One of the many endeavours to, iteratively, improve Neural Field models is to considering the noisy neuronal interactions, generated by the stochastic behaviour of the neuron or from extrinsic noise sources that can arise from inputs of other neuronal networks. Kuehn & Riedler 2014 studied a neural field model with additive white noise and $v=\infty$. If we add the delay function presented above we end up with the following model:

\[\alpha\, dV\left(\mathbf{x},t\right) = \left[I\left(\mathbf{x},t\right) - V\left(\mathbf{x},t\right) + \int_{\Omega}K\left(||\mathbf{x}-\mathbf{y}||_2\right)S\big[V\left(\mathbf{y},t-d\left(\mathbf{x},\mathbf{y}\right)\right)\big]\,\,d^2\mathbf{y}\right]dt + \epsilon dW\left(\mathbf{x},t\right),\]

with $\epsilon$ the additive noise level and $W$ is a $Q$-Wiener process.

References

Amari, Shun-ichi. (1977). Dynamic of pattern formation in lateral-inhibition type neural fields. Biological cybernetics. 27. 77-87. 10.1007/BF00337259.

Bressloff, Paul. (2011). Spatiotemporal dynamics of continuum neural fields. Journal of Physics A: Mathematical and Theoretical. 45. 033001. 10.1088/1751-8113/45/3/033001.

Hutt, Axel & Rougier, Nicolas. (2013). Numerical Simulation Scheme of One- and Two Dimensional Neural Fields Involving Space-Dependent Delays. 10.1007/978-3-642-54593-1_6.

Laing, Carlo & Troy, William & Gutkin, Boris & Ermentrout, Bard. (2002). Multiple Bumps in a Neuronal Model of Working Memory. SIAM Journal on Applied Mathematics. 63. 10.1137/S0036139901389495.

Kuehn, Christian & Riedler, Martin. (2014).
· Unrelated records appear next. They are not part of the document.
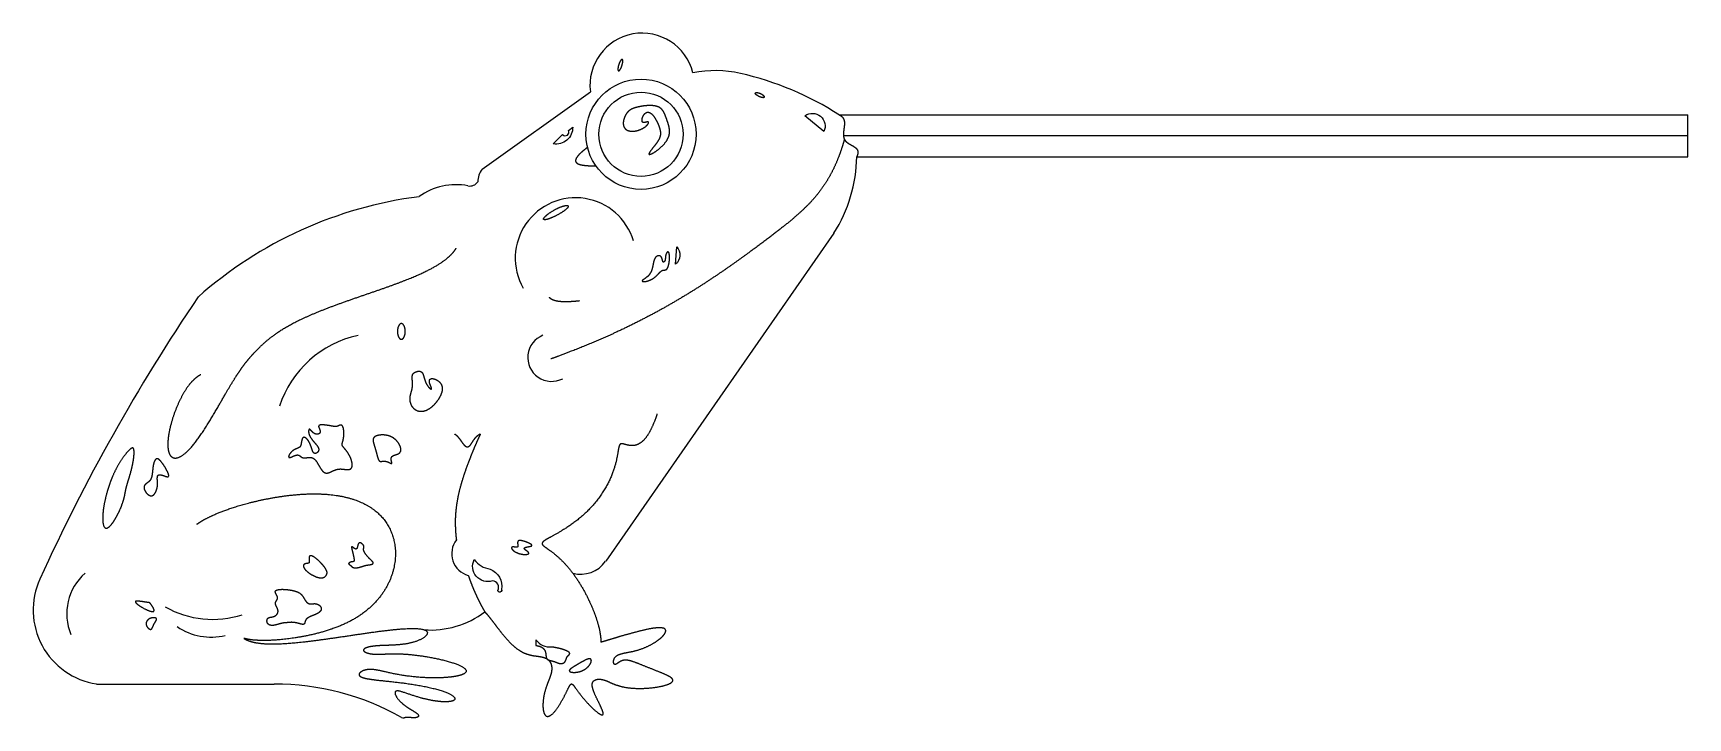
# Model space of a CAD drawing. Header units: inches. Extents: x -0.52 to 1.58, y -0.43 to 0.44.
import ezdxf

# ---------------------------------------------------------------- set-up
doc = ezdxf.new("R2010")
doc.units = ezdxf.units.IN
doc.layers.get('0').update_dxf_attribs({"linetype": 'CONTINUOUS'})

msp = doc.modelspace()

# ---------------------------------------------------------------- linework, layer by layer
for p, q in [((0.0477, 0.271), (0.1852, 0.3695)), ((0.5017, 0.34), (0.6797, 0.34)), ((0.6797, 0.34), (1.5802, 0.34)), ((1.5802, 0.2869), (1.5802, 0.34)), ((1.5802, 0.3134), (0.5069, 0.3134)), ((0.5238, 0.2869), (0.6797, 0.2869)), ((0.6797, 0.2869), (1.5802, 0.2869)), ((0.4947, 0.19), (0.2047, -0.227)), ((0.116, -0.327), (0.116, -0.334)), ((-0.4424, -0.383), (-0.2165, -0.383))]:
    msp.add_line(p, q)
for points in [[(0.458, 0.339, -0.774632), (0.482, 0.319)], [(0.1628, 0.3246, -0.477744), (0.138, 0.3034), (0.15, 0.315, 0.841585), (0.1576, 0.3203)], [(0.295, 0.1725, -0.428751), (0.2936, 0.1503)], [(0.0608, -0.2519, -0.667829), (0.0377, -0.2249, 0.200854), (0.0578, -0.237, -0.347531), (0.0725, -0.2629, -1.154183), (0.0676, -0.2642, 0.560289)]]:
    msp.add_lwpolyline(points, format="xyb", close=True)
for radius in [0.07, 0.0535]:
    msp.add_circle((0.2496, 0.3155), radius)
for centre, radius, start, end in [((0.2511, 0.3776), 0.0664, 13.8389, 187.0216), ((0.3443, 0.2545), 0.1419, 77.1108, 101.6571), ((0.2875, 0.0063), 0.3965, 57.2932, 77.1108), ((0.3359, 0.2904), 0.188, 327.6867, 358.9146), ((0.032, 0.2621), 0.0124, 259.2882, 325.5755), ((0.0665, 0.2556), 0.0243, 140.7144, 181.0298), ((0.034, -0.2835), 0.5239, 97.2854, 131.5288), ((0.0147, 0.1707), 0.0807, 79.2882, 125.7222), ((0.1665, 0.1581), 0.0767, 16.6166, 209.7805), ((1.7216, -1.2693), 2.4576, 145.8939, 155.4855), ((-0.0812, -0.0725), 0.1356, 102.2423, 161.7321), ((0.136, 0.0318), 0.0303, 111.2641, 297.6238), ((0.0375, -0.2175), 0.0285, 142.125, 254.7449), ((0.173, -0.205), 0.0385, 254.6349, 325.1806), ((-0.428, -0.289), 0.095, 155.4855, 261.2872), ((-0.4121, -0.2937), 0.0682, 131.1022, 202.7324), ((-0.2949, -0.1792), 0.1217, 240.3893, 288.0821), ((-0.0179, -0.2004), 0.114, 265.8509, 307.1948), ((-0.2968, -0.2469), 0.0765, 235.6392, 283.5919), ((0.1346, -0.3123), 0.0237, 218.2021, 273.3424), ((-0.2165, -0.7124), 0.3294, 60.6031, 90), ((-0.0524, -0.421), 0.005, 240.6031, 279.1466)]:
    msp.add_arc(centre, radius, start, end)
for points in [[(0.2218, 0.3961), (0.2215, 0.396), (0.2211, 0.3959), (0.2206, 0.3961), (0.2202, 0.3971), (0.2202, 0.3995), (0.2207, 0.4024), (0.2217, 0.4055), (0.223, 0.4082), (0.2243, 0.41), (0.2255, 0.4108), (0.2264, 0.4103), (0.2267, 0.4086), (0.2263, 0.406), (0.2255, 0.4028), (0.2243, 0.3997), (0.2232, 0.3977), (0.2224, 0.3967), (0.222, 0.3963), (0.2218, 0.3961)], [(0.395, 0.367), (0.3951, 0.3668), (0.3954, 0.3663), (0.3962, 0.3655), (0.3978, 0.3644), (0.4003, 0.3631), (0.4028, 0.3622), (0.4049, 0.3618), (0.4061, 0.3621), (0.4065, 0.363), (0.4058, 0.3642), (0.4043, 0.3657), (0.4022, 0.367), (0.3998, 0.368), (0.3975, 0.3686), (0.3957, 0.3686), (0.3949, 0.3682), (0.3948, 0.3676), (0.3949, 0.3672), (0.395, 0.367)], [(0.2514, 0.3312), (0.2516, 0.3309), (0.2522, 0.3305), (0.2533, 0.3302), (0.2551, 0.3305), (0.2574, 0.3313), (0.2591, 0.3314), (0.2596, 0.3304), (0.2587, 0.3285), (0.2564, 0.3258), (0.2526, 0.3231), (0.2478, 0.3209), (0.2426, 0.3194), (0.2374, 0.319), (0.2329, 0.3199), (0.2295, 0.3219), (0.2275, 0.325), (0.2268, 0.3289), (0.2272, 0.3331), (0.2285, 0.3371), (0.2303, 0.3408), (0.2325, 0.3438), (0.2351, 0.3461), (0.2381, 0.3479), (0.2418, 0.3492), (0.2461, 0.3503), (0.251, 0.3512), (0.2562, 0.3519), (0.2615, 0.3521), (0.2664, 0.3518), (0.2707, 0.3509), (0.2742, 0.3491), (0.2768, 0.3466), (0.2788, 0.3433), (0.2805, 0.3396), (0.2819, 0.3356), (0.2834, 0.3313), (0.2848, 0.327), (0.2858, 0.3225), (0.2861, 0.3179), (0.2853, 0.3132), (0.2831, 0.3083), (0.2795, 0.3034), (0.2749, 0.2988), (0.2699, 0.2947), (0.2653, 0.2916), (0.2616, 0.2899), (0.2596, 0.2896), (0.2594, 0.2909), (0.261, 0.2934), (0.2637, 0.297), (0.267, 0.301), (0.2702, 0.3051), (0.2727, 0.3091), (0.2742, 0.313), (0.2746, 0.317), (0.274, 0.3212), (0.2725, 0.3259), (0.2704, 0.3309), (0.2677, 0.3358), (0.2647, 0.3401), (0.2615, 0.343), (0.2583, 0.344), (0.2554, 0.343), (0.2529, 0.3402), (0.2512, 0.3365), (0.2507, 0.3338), (0.2509, 0.3323), (0.2512, 0.3315), (0.2514, 0.3312)], [(0.5017, 0.34), (0.5023, 0.3397), (0.5035, 0.3391), (0.505, 0.3381), (0.5065, 0.3364), (0.5078, 0.3338), (0.5083, 0.3308), (0.5082, 0.3273), (0.5077, 0.3235), (0.5071, 0.3197), (0.5067, 0.3159), (0.5069, 0.3124), (0.5077, 0.3093), (0.5095, 0.3067), (0.512, 0.3046), (0.515, 0.3028), (0.5181, 0.3012), (0.5209, 0.2995), (0.5233, 0.2977), (0.5248, 0.2956), (0.5255, 0.2931), (0.5253, 0.2908), (0.5247, 0.2889), (0.5241, 0.2876), (0.5238, 0.2869)], [(0.5081, 0.3091), (0.507, 0.3052), (0.5048, 0.2977), (0.5011, 0.2868), (0.4954, 0.2732), (0.4873, 0.2578), (0.4779, 0.2438), (0.4673, 0.231), (0.4553, 0.219), (0.4419, 0.2073), (0.427, 0.1953), (0.4105, 0.1826), (0.3923, 0.1691), (0.3726, 0.1548), (0.3514, 0.1399), (0.3287, 0.1248), (0.3046, 0.1097), (0.2793, 0.0949), (0.2527, 0.0806), (0.225, 0.0669), (0.1961, 0.0538), (0.1722, 0.044), (0.1538, 0.0369), (0.1413, 0.0323), (0.135, 0.03)], [(0.1816, 0.2988), (0.1803, 0.2978), (0.1778, 0.2959), (0.1744, 0.2932), (0.1708, 0.2899), (0.1677, 0.2861), (0.1661, 0.283), (0.1663, 0.2803), (0.1683, 0.2783), (0.1719, 0.2768), (0.1772, 0.2759), (0.1825, 0.2755), (0.1871, 0.2754), (0.1904, 0.2754), (0.1921, 0.2754)], [(0.1269, 0.2069), (0.1274, 0.2068), (0.1287, 0.2069), (0.1314, 0.2075), (0.1362, 0.2093), (0.1432, 0.2127), (0.1498, 0.2166), (0.1549, 0.2203), (0.1576, 0.2233), (0.1573, 0.225), (0.1544, 0.2253), (0.1494, 0.224), (0.1431, 0.2214), (0.1365, 0.2178), (0.1308, 0.2138), (0.1267, 0.2102), (0.1254, 0.2081), (0.1257, 0.2072), (0.1264, 0.2069), (0.1269, 0.2069)], [(-0.31, 0.01), (-0.3115, 0.0092), (-0.3145, 0.0074), (-0.319, 0.0039), (-0.3247, -0.0022), (-0.3315, -0.0122), (-0.3378, -0.0244), (-0.3435, -0.0381), (-0.3482, -0.0528), (-0.3513, -0.0671), (-0.3524, -0.0798), (-0.3511, -0.0897), (-0.3473, -0.0957), (-0.3411, -0.097), (-0.333, -0.0933), (-0.3235, -0.0846), (-0.3133, -0.0717), (-0.3028, -0.0559), (-0.2924, -0.0386), (-0.2826, -0.0214), (-0.2735, -0.0057), (-0.2654, 0.0077), (-0.2581, 0.0186), (-0.2515, 0.0272), (-0.2454, 0.0344), (-0.2391, 0.041), (-0.2323, 0.0478), (-0.2242, 0.0549), (-0.2143, 0.0625), (-0.2021, 0.0704), (-0.1873, 0.0784), (-0.1699, 0.0864), (-0.1503, 0.0942), (-0.1292, 0.102), (-0.1072, 0.1096), (-0.0852, 0.1171), (-0.0641, 0.1245), (-0.0445, 0.132), (-0.0271, 0.1395), (-0.0122, 0.1471), (-0.0001, 0.1548), (0.0073, 0.1611), (0.0115, 0.1659), (0.0137, 0.1691), (0.0147, 0.1707)], [(0.2511, 0.1291), (0.251, 0.1293), (0.2511, 0.1296), (0.2516, 0.1301), (0.2529, 0.131), (0.2551, 0.1325), (0.2577, 0.1344), (0.2601, 0.1368), (0.262, 0.1397), (0.2634, 0.143), (0.2643, 0.1465), (0.265, 0.1501), (0.2656, 0.1536), (0.2665, 0.1566), (0.2678, 0.159), (0.2695, 0.1606), (0.2714, 0.1613), (0.2733, 0.1613), (0.2748, 0.1604), (0.2759, 0.159), (0.2765, 0.1573), (0.2769, 0.1555), (0.2772, 0.1541), (0.2777, 0.1532), (0.2783, 0.153), (0.2791, 0.1534), (0.2798, 0.1543), (0.2802, 0.1555), (0.2805, 0.157), (0.2806, 0.1587), (0.2808, 0.1606), (0.2811, 0.1625), (0.2818, 0.1644), (0.2828, 0.1658), (0.2839, 0.1663), (0.2849, 0.1657), (0.2856, 0.1637), (0.2859, 0.1605), (0.2859, 0.1565), (0.2854, 0.1524), (0.2846, 0.1486), (0.2836, 0.1456), (0.2823, 0.1438), (0.281, 0.1431), (0.2796, 0.143), (0.2782, 0.143), (0.2767, 0.1427), (0.2752, 0.1417), (0.2734, 0.14), (0.2714, 0.1378), (0.2689, 0.1352), (0.266, 0.1328), (0.2628, 0.1308), (0.2593, 0.1293), (0.256, 0.1285), (0.2533, 0.1282), (0.2518, 0.1284), (0.2512, 0.1287), (0.2511, 0.129), (0.2511, 0.1291)], [(0.1327, 0.1086), (0.133, 0.1083), (0.1336, 0.1077), (0.1347, 0.1068), (0.1364, 0.1058), (0.139, 0.1047), (0.1421, 0.1039), (0.1457, 0.1033), (0.1499, 0.103), (0.1546, 0.103), (0.1598, 0.1031), (0.1643, 0.1034), (0.1678, 0.1037), (0.1703, 0.104), (0.1715, 0.1041)], [(-0.06, 0.065), (-0.06, 0.0656), (-0.0599, 0.0669), (-0.0597, 0.0687), (-0.0591, 0.071), (-0.058, 0.0733), (-0.0566, 0.0747), (-0.055, 0.0753), (-0.0534, 0.0747), (-0.052, 0.0733), (-0.0509, 0.071), (-0.0501, 0.0681), (-0.0499, 0.065), (-0.0501, 0.0619), (-0.0509, 0.059), (-0.052, 0.0567), (-0.0534, 0.0553), (-0.055, 0.0547), (-0.0566, 0.0553), (-0.058, 0.0567), (-0.0591, 0.059), (-0.0597, 0.0613), (-0.0599, 0.0631), (-0.06, 0.0644), (-0.06, 0.065)], [(-0.0291, 0.0133), (-0.0294, 0.0135), (-0.03, 0.0139), (-0.031, 0.0144), (-0.0325, 0.0146), (-0.0346, 0.0143), (-0.0367, 0.0137), (-0.0385, 0.0127), (-0.0398, 0.0116), (-0.0407, 0.0102), (-0.0412, 0.0086), (-0.0413, 0.0065), (-0.0412, 0.0042), (-0.0409, 0.0016), (-0.0408, -0.0012), (-0.0408, -0.004), (-0.041, -0.0067), (-0.0416, -0.0093), (-0.0423, -0.0118), (-0.043, -0.0143), (-0.0437, -0.017), (-0.044, -0.0197), (-0.044, -0.0226), (-0.0434, -0.0256), (-0.0424, -0.0285), (-0.0408, -0.0312), (-0.0388, -0.0336), (-0.0364, -0.0354), (-0.0336, -0.0366), (-0.0307, -0.0371), (-0.0275, -0.0369), (-0.0243, -0.036), (-0.0211, -0.0345), (-0.018, -0.0325), (-0.015, -0.0299), (-0.0122, -0.027), (-0.0096, -0.0238), (-0.0073, -0.0204), (-0.0054, -0.017), (-0.004, -0.0136), (-0.003, -0.0103), (-0.0028, -0.0072), (-0.0033, -0.0042), (-0.0045, -0.0016), (-0.0064, 0.0008), (-0.0089, 0.0027), (-0.0116, 0.0042), (-0.0142, 0.005), (-0.0165, 0.0052), (-0.0183, 0.0047), (-0.0193, 0.0035), (-0.0195, 0.0018), (-0.0192, -0.0003), (-0.0184, -0.0026), (-0.0174, -0.0049), (-0.0167, -0.0068), (-0.0163, -0.0082), (-0.0166, -0.0088), (-0.0176, -0.0084), (-0.0191, -0.0072), (-0.0209, -0.0052), (-0.0227, -0.0026), (-0.0242, 0.0004), (-0.0254, 0.0037), (-0.0262, 0.0068), (-0.027, 0.0096), (-0.0277, 0.0114), (-0.0283, 0.0124), (-0.0288, 0.013), (-0.0291, 0.0133)], [(0.27, -0.04), (0.269, -0.0431), (0.2669, -0.0491), (0.2636, -0.0571), (0.2592, -0.0658), (0.2534, -0.0735), (0.2474, -0.0783), (0.2415, -0.0803), (0.2358, -0.0803), (0.2306, -0.079), (0.2265, -0.0777), (0.2237, -0.0774), (0.222, -0.079), (0.2211, -0.0828), (0.2202, -0.0892), (0.2187, -0.0978), (0.2159, -0.1085), (0.2115, -0.1205), (0.2051, -0.1334), (0.1968, -0.1463), (0.1867, -0.1586), (0.1751, -0.1698), (0.1628, -0.1795), (0.1506, -0.1874), (0.1397, -0.1936), (0.131, -0.1982), (0.1253, -0.2015), (0.1231, -0.2042), (0.1243, -0.2066), (0.1284, -0.2096), (0.1346, -0.2137), (0.1421, -0.2195), (0.1501, -0.2269), (0.1583, -0.236), (0.1661, -0.2463), (0.1733, -0.2575), (0.1799, -0.2691), (0.1855, -0.2807), (0.1902, -0.2919), (0.1939, -0.3026), (0.1966, -0.3126), (0.198, -0.3199), (0.1985, -0.3251), (0.1987, -0.3284), (0.1987, -0.33)], [(-0.1978, -0.0952), (-0.198, -0.0951), (-0.1982, -0.0948), (-0.1984, -0.094), (-0.198, -0.0925), (-0.1966, -0.0902), (-0.1946, -0.0878), (-0.1923, -0.0859), (-0.1898, -0.0846), (-0.1875, -0.0838), (-0.1855, -0.083), (-0.184, -0.0819), (-0.1829, -0.0803), (-0.1823, -0.078), (-0.182, -0.0754), (-0.1815, -0.0727), (-0.1808, -0.0706), (-0.1796, -0.0694), (-0.178, -0.0694), (-0.176, -0.0705), (-0.174, -0.0726), (-0.1721, -0.0755), (-0.1706, -0.0788), (-0.1694, -0.0821), (-0.1685, -0.0852), (-0.1676, -0.0877), (-0.1665, -0.0894), (-0.1651, -0.0902), (-0.1635, -0.0901), (-0.1618, -0.0891), (-0.1604, -0.0876), (-0.1598, -0.0855), (-0.1601, -0.0833), (-0.1614, -0.0809), (-0.1634, -0.0783), (-0.1659, -0.0756), (-0.1684, -0.0727), (-0.1706, -0.0697), (-0.1721, -0.0666), (-0.1729, -0.0636), (-0.173, -0.0612), (-0.1726, -0.0596), (-0.1718, -0.0591), (-0.1708, -0.0596), (-0.1696, -0.061), (-0.1681, -0.0628), (-0.1663, -0.0644), (-0.1641, -0.0656), (-0.1618, -0.0659), (-0.1598, -0.0654), (-0.1584, -0.0641), (-0.158, -0.0624), (-0.1584, -0.0604), (-0.1593, -0.0583), (-0.1602, -0.0565), (-0.1603, -0.055), (-0.1594, -0.0541), (-0.1574, -0.0536), (-0.1544, -0.0537), (-0.1509, -0.054), (-0.1472, -0.0546), (-0.1439, -0.0552), (-0.1411, -0.0557), (-0.1389, -0.0559), (-0.1371, -0.0558), (-0.1356, -0.0553), (-0.1342, -0.0546), (-0.1328, -0.054), (-0.1314, -0.0539), (-0.1302, -0.0545), (-0.1291, -0.0562), (-0.1284, -0.0588), (-0.128, -0.0622), (-0.128, -0.0659), (-0.1283, -0.0695), (-0.1288, -0.0727), (-0.1295, -0.0751), (-0.1301, -0.077), (-0.1305, -0.0783), (-0.1303, -0.0795), (-0.1296, -0.0808), (-0.1284, -0.0824), (-0.1266, -0.0845), (-0.1245, -0.0871), (-0.1224, -0.0902), (-0.1204, -0.0936), (-0.1188, -0.0973), (-0.1177, -0.1009), (-0.1173, -0.1042), (-0.1175, -0.1069), (-0.1184, -0.109), (-0.12, -0.1102), (-0.122, -0.1107), (-0.1245, -0.1106), (-0.1274, -0.1102), (-0.1304, -0.1098), (-0.1335, -0.1097), (-0.1365, -0.1101), (-0.1395, -0.1111), (-0.1423, -0.1123), (-0.1449, -0.1136), (-0.1474, -0.1147), (-0.1497, -0.1152), (-0.1518, -0.1149), (-0.1538, -0.1138), (-0.1556, -0.112), (-0.1574, -0.1096), (-0.159, -0.1067), (-0.1607, -0.1038), (-0.1623, -0.101), (-0.164, -0.0986), (-0.1659, -0.0967), (-0.168, -0.0955), (-0.1702, -0.095), (-0.1727, -0.0951), (-0.1752, -0.0954), (-0.1775, -0.0957), (-0.1796, -0.0957), (-0.1813, -0.0952), (-0.1827, -0.0942), (-0.184, -0.093), (-0.1855, -0.0921), (-0.1872, -0.0918), (-0.1894, -0.0922), (-0.1919, -0.0933), (-0.1944, -0.0945), (-0.1961, -0.0952), (-0.1971, -0.0954), (-0.1976, -0.0953), (-0.1978, -0.0952)], [(-0.4269, -0.1322), (-0.4261, -0.1298), (-0.4245, -0.1251), (-0.4218, -0.1183), (-0.4179, -0.11), (-0.413, -0.1013), (-0.4083, -0.0943), (-0.4041, -0.089), (-0.4006, -0.0854), (-0.3981, -0.0833), (-0.3963, -0.0827), (-0.3952, -0.0836), (-0.3947, -0.086), (-0.3946, -0.0897), (-0.3949, -0.0946), (-0.3958, -0.1004), (-0.3971, -0.1068), (-0.3987, -0.1134), (-0.4006, -0.1198), (-0.4024, -0.1257), (-0.404, -0.1309), (-0.4051, -0.1352), (-0.4058, -0.1389), (-0.4064, -0.1426), (-0.4073, -0.1468), (-0.4089, -0.1521), (-0.4113, -0.1587), (-0.4147, -0.1663), (-0.4188, -0.1739), (-0.4232, -0.1804), (-0.4274, -0.1847), (-0.431, -0.1858), (-0.4335, -0.1832), (-0.4348, -0.1771), (-0.4347, -0.168), (-0.4334, -0.1568), (-0.4313, -0.1469), (-0.4292, -0.1395), (-0.4277, -0.1346), (-0.4269, -0.1322)], [(-0.0883, -0.0835), (-0.0885, -0.0828), (-0.089, -0.0814), (-0.0896, -0.0793), (-0.0904, -0.0768), (-0.091, -0.0741), (-0.0911, -0.0719), (-0.0904, -0.0701), (-0.0889, -0.0687), (-0.0865, -0.0676), (-0.0836, -0.0668), (-0.0801, -0.0664), (-0.0765, -0.0665), (-0.0728, -0.0671), (-0.0693, -0.0681), (-0.066, -0.0697), (-0.0631, -0.0718), (-0.0605, -0.0743), (-0.0584, -0.0771), (-0.0567, -0.0801), (-0.0557, -0.083), (-0.0554, -0.0857), (-0.0559, -0.088), (-0.0573, -0.0897), (-0.0594, -0.0908), (-0.0619, -0.0916), (-0.0645, -0.0924), (-0.0665, -0.0934), (-0.0678, -0.0948), (-0.0682, -0.0968), (-0.0678, -0.099), (-0.0672, -0.1011), (-0.0669, -0.1025), (-0.0672, -0.103), (-0.0683, -0.1026), (-0.0701, -0.1017), (-0.0725, -0.1006), (-0.0749, -0.0999), (-0.0773, -0.0997), (-0.0793, -0.1), (-0.081, -0.1003), (-0.0823, -0.1002), (-0.0834, -0.0993), (-0.0844, -0.0974), (-0.0853, -0.0946), (-0.0862, -0.0911), (-0.087, -0.0881), (-0.0876, -0.0858), (-0.0881, -0.0843), (-0.0883, -0.0835)], [(0.0453, -0.0656), (0.0448, -0.0658), (0.0439, -0.0662), (0.0427, -0.0669), (0.0411, -0.068), (0.0392, -0.0698), (0.0375, -0.0718), (0.0359, -0.0741), (0.0344, -0.0765), (0.033, -0.0787), (0.0317, -0.0806), (0.0303, -0.0818), (0.0289, -0.0822), (0.0274, -0.0818), (0.0259, -0.0805), (0.0243, -0.0786), (0.0226, -0.0763), (0.0209, -0.0739), (0.0193, -0.0716), (0.0176, -0.0696), (0.016, -0.0679), (0.0147, -0.0668), (0.0137, -0.0661), (0.0131, -0.0658), (0.0128, -0.0656)], [(0.0453, -0.0656), (0.0446, -0.0671), (0.0432, -0.0701), (0.0412, -0.0747), (0.0384, -0.0809), (0.0351, -0.089), (0.0317, -0.0974), (0.0284, -0.1061), (0.0252, -0.115), (0.0223, -0.1241), (0.0196, -0.1334), (0.0173, -0.1428), (0.0155, -0.1523), (0.0142, -0.1618), (0.0135, -0.1713), (0.0134, -0.1809), (0.0138, -0.1885), (0.0143, -0.1943), (0.0147, -0.1981), (0.015, -0.2)], [(-0.3666, -0.097), (-0.3663, -0.0969), (-0.3658, -0.0966), (-0.365, -0.0966), (-0.3638, -0.097), (-0.3621, -0.0984), (-0.36, -0.1008), (-0.3577, -0.1039), (-0.3553, -0.1075), (-0.3531, -0.1114), (-0.3514, -0.1149), (-0.3505, -0.1176), (-0.3506, -0.1193), (-0.3518, -0.1199), (-0.354, -0.1194), (-0.3567, -0.1184), (-0.3595, -0.1174), (-0.362, -0.1168), (-0.3638, -0.1171), (-0.3648, -0.1183), (-0.3652, -0.1204), (-0.3652, -0.1229), (-0.365, -0.1255), (-0.3648, -0.1282), (-0.3649, -0.1307), (-0.3652, -0.1331), (-0.3658, -0.1356), (-0.3667, -0.138), (-0.3678, -0.1403), (-0.3693, -0.1423), (-0.3711, -0.1437), (-0.3731, -0.1441), (-0.3754, -0.1435), (-0.3777, -0.1419), (-0.3798, -0.1395), (-0.3814, -0.1368), (-0.3822, -0.1341), (-0.3821, -0.1318), (-0.3812, -0.13), (-0.3796, -0.1286), (-0.3777, -0.1273), (-0.3757, -0.1259), (-0.3741, -0.1241), (-0.3728, -0.1217), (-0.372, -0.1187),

Large Deviations for Nonlocal Stochastic Neural Fields. Journal of mathematical neuroscience. 4. 1. 10.1186/2190-8567-4-1.

Kulikov, Gennady & Kulikova, Maria & Lima, Pedro. (2019). Numerical Simulation of Neural Fields with Finite Transmission Speed and Random Disturbance. 644-649. 10.1109/ICSTCC.2019.8885972.

Kulikova, Maria & Kulikov, Gennady & Lima, Pedro. (2019). Effective Numerical Solution to Two-Dimensional Stochastic Neural Field Equations. 650-655. 10.1109/ICSTCC.2019.8885614.

Sequeira, Tiago (2021). Numerical Simulations of One- and Two-dimensional Stochastic Neural Field Equations with Delay - MSc in Industrial Mathematics dissertation.